In PMD, Fleischer ring, cone (apex), and apical scarring are absent. The cornea between the thinned area and the limbus is healthy, and the thinned area is always epithelialized. It is distinguished from Terrien marginal degeneration by the absence of lipid deposition.

Corneal topography shows the following characteristic patterns.

  • Crab claw pattern: A characteristic finding of crescent-shaped steepening in the inferior cornea on the corneal power map
  • Butterfly pattern: A vertical, cool-colored butterfly-shaped pattern in the central area
  • Kissing doves / kissing birds pattern: Appearance seen on Scheimpflug imaging 5)
  • Against-the-rule astigmatism and large radius of curvature: Keratometry shows strong against-the-rule astigmatism, but unlike keratoconus, the corneal curvature radius tends to be larger

However, crab claw-like findings can also be seen in advanced keratoconus and are not specific to PMD 3). Corneal elevation maps show protrusion in the inferior periphery on both anterior and posterior surfaces, and the thinnest point on the corneal thickness map is located slightly inferior to the protrusion.

Placido-based corneal topography can evaluate only about 60% of the corneal surface, limiting its assessment of PMD, a peripheral disease 2). Scheimpflug imaging or slit-scanning tomography (Pentacam, Orbscan, etc.) can evaluate the anterior and posterior corneal surfaces and the full pachymetry map, and are useful for diagnosing PMD and differentiating it from keratoconus 2,5). In particular, bulging of the posterior elevation into the inferior periphery and the finding that the thinnest point is located inferior to the protrusion are important elements contributing to the diagnosis of PMD. Distinguishing PMD from keratoconus is clinically important, but transitional cases exist, making it difficult to confirm based solely on imaging findings; longitudinal observation of progression is required.

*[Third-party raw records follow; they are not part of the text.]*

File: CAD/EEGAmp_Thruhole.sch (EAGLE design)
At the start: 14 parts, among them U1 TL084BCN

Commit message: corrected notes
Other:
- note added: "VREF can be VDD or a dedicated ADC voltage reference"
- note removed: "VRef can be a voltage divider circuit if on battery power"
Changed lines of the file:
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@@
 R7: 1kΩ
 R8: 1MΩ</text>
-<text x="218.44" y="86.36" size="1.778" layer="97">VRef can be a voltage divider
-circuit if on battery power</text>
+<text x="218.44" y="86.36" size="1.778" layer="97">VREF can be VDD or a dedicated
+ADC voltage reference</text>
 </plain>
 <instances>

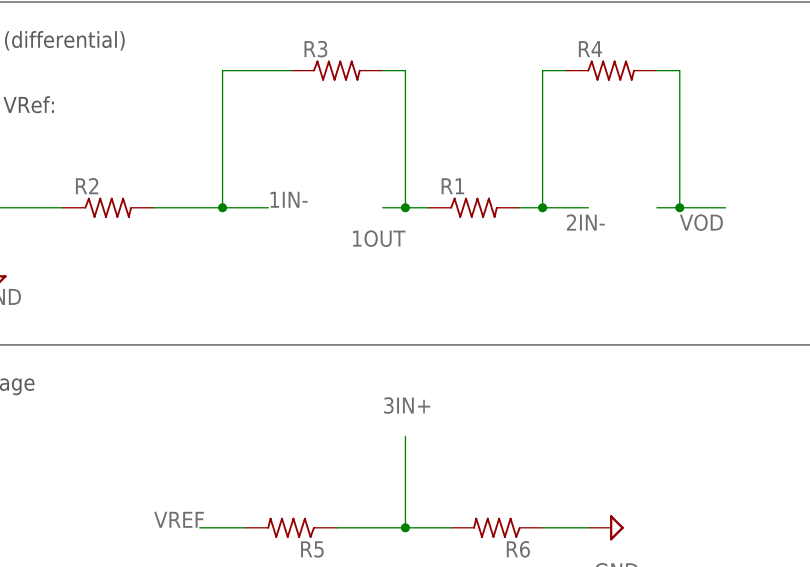
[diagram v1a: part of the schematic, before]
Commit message: added a filter cap on inputs
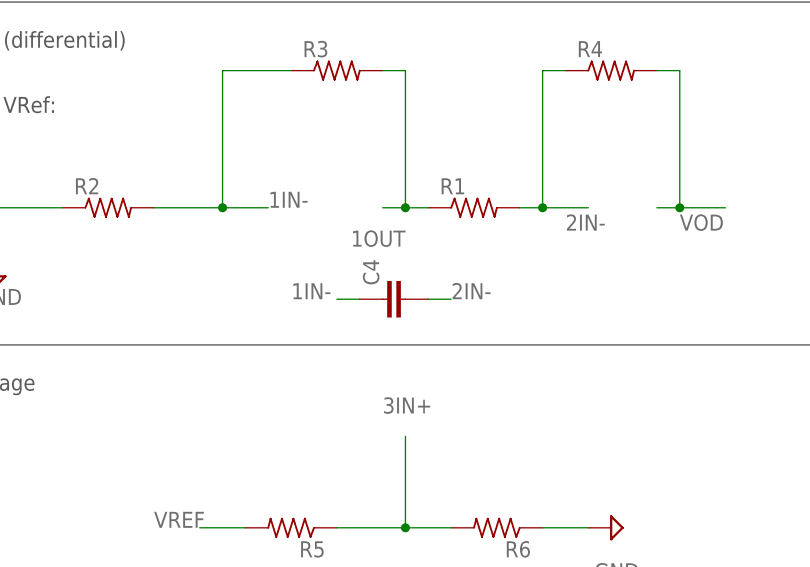
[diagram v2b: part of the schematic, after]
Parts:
- added C4: (no value), capacitor-wima:C2.5/2
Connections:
- net 1IN-: now also C4.1
- net 2IN-: now also C4.2
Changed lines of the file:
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@@
 <part name="JP2" library="pinhead" library_urn="urn:adsk.eagle:library:325" deviceset="PINHD-1X4" device="" package3d_urn="urn:adsk.eagle:package:22407/2"/>
 <part name="JP1" library="pinhead" library_urn="urn:adsk.eagle:library:325" deviceset="PINHD-1X3" device="" package3d_urn="urn:adsk.eagle:package:22458/2"/>
+<part name="C4" library="capacitor-wima" library_urn="urn:adsk.eagle:library:116" deviceset="C" device="2.5/2" package3d_urn="urn:adsk.eagle:package:5415/1"/>
 </parts>
 <sheets>
@@
 <attribute name="VALUE" x="148.59" y="35.56" size="1.778" layer="96" rot="R180"/>
 </instance>
+<instance part="C4" gate="G$1" x="78.74" y="83.82" smashed="yes" rot="R90">
+<attribute name="NAME" x="78.359" y="85.344" size="1.778" layer="95" rot="R90"/>
+<attribute name="VALUE" x="83.439" y="85.344" size="1.778" layer="96" rot="R90"/>
+</instance>
 </instances>
 <busses>
@@
 <junction x="96.52" y="93.98"/>
 <label x="99.06" y="91.44" size="1.778" layer="95"/>
+</segment>
+<segment>
+<pinref part="C4" gate="G$1" pin="2"/>
+<wire x1="83.82" y1="83.82" x2="86.36" y2="83.82" width="0.1524" layer="91"/>
+<label x="86.36" y="83.82" size="1.778" layer="95"/>
 </segment>
 </net>
@@
 <junction x="60.96" y="93.98"/>
 </segment>
-</net>
+<segment>
+<pinref part="C4" gate="G$1" pin="1"/>
+<wire x1="76.2" y1="83.82" x2="73.66" y2="83.82" width="0.1524" layer="91"/>
+<label x="68.58" y="83.82" size="1.778" layer="95"/>
+</segment>
+</net>

The ABCD classification integrated into Scheimpflug imaging is used to assess progression of corneal ectasia. It is a composite score consisting of four elements: anterior radius of curvature (A), posterior radius of curvature (B), minimum corneal thickness (C), and best spectacle-corrected distance acuity (D), and is used to track changes over time 2).

The etiology of PMD is not clear, but it is thought that thinning and protrusion occur due to a combination of weakening caused by structural abnormalities of corneal stromal collagen and mechanical stress from intraocular pressure. Histologically, the stromal collagen shows fibrous long-spacing (FLS) collagen with a period of 100–110 nm, which differs from the normal collagen period of 60–64 nm. This structural abnormality may contribute to corneal weakening 4).

In recent years, there has been discussion about considering PMD and keratoconus as diseases on the same spectrum. Belin et al. have proposed that “pellucid marginal degeneration is not an independent disease but should be considered a phenotype of inferiorly displaced keratoconus3). This view is based on numerous reports of coexisting PMD and keratoconus in the same patient, common histological and collagen abnormalities, and continuity in imaging findings. On the other hand, in clinical practice, it is still common to treat PMD as an independent phenotype due to differences in thinning site, protrusion site, age of onset, and progression rate.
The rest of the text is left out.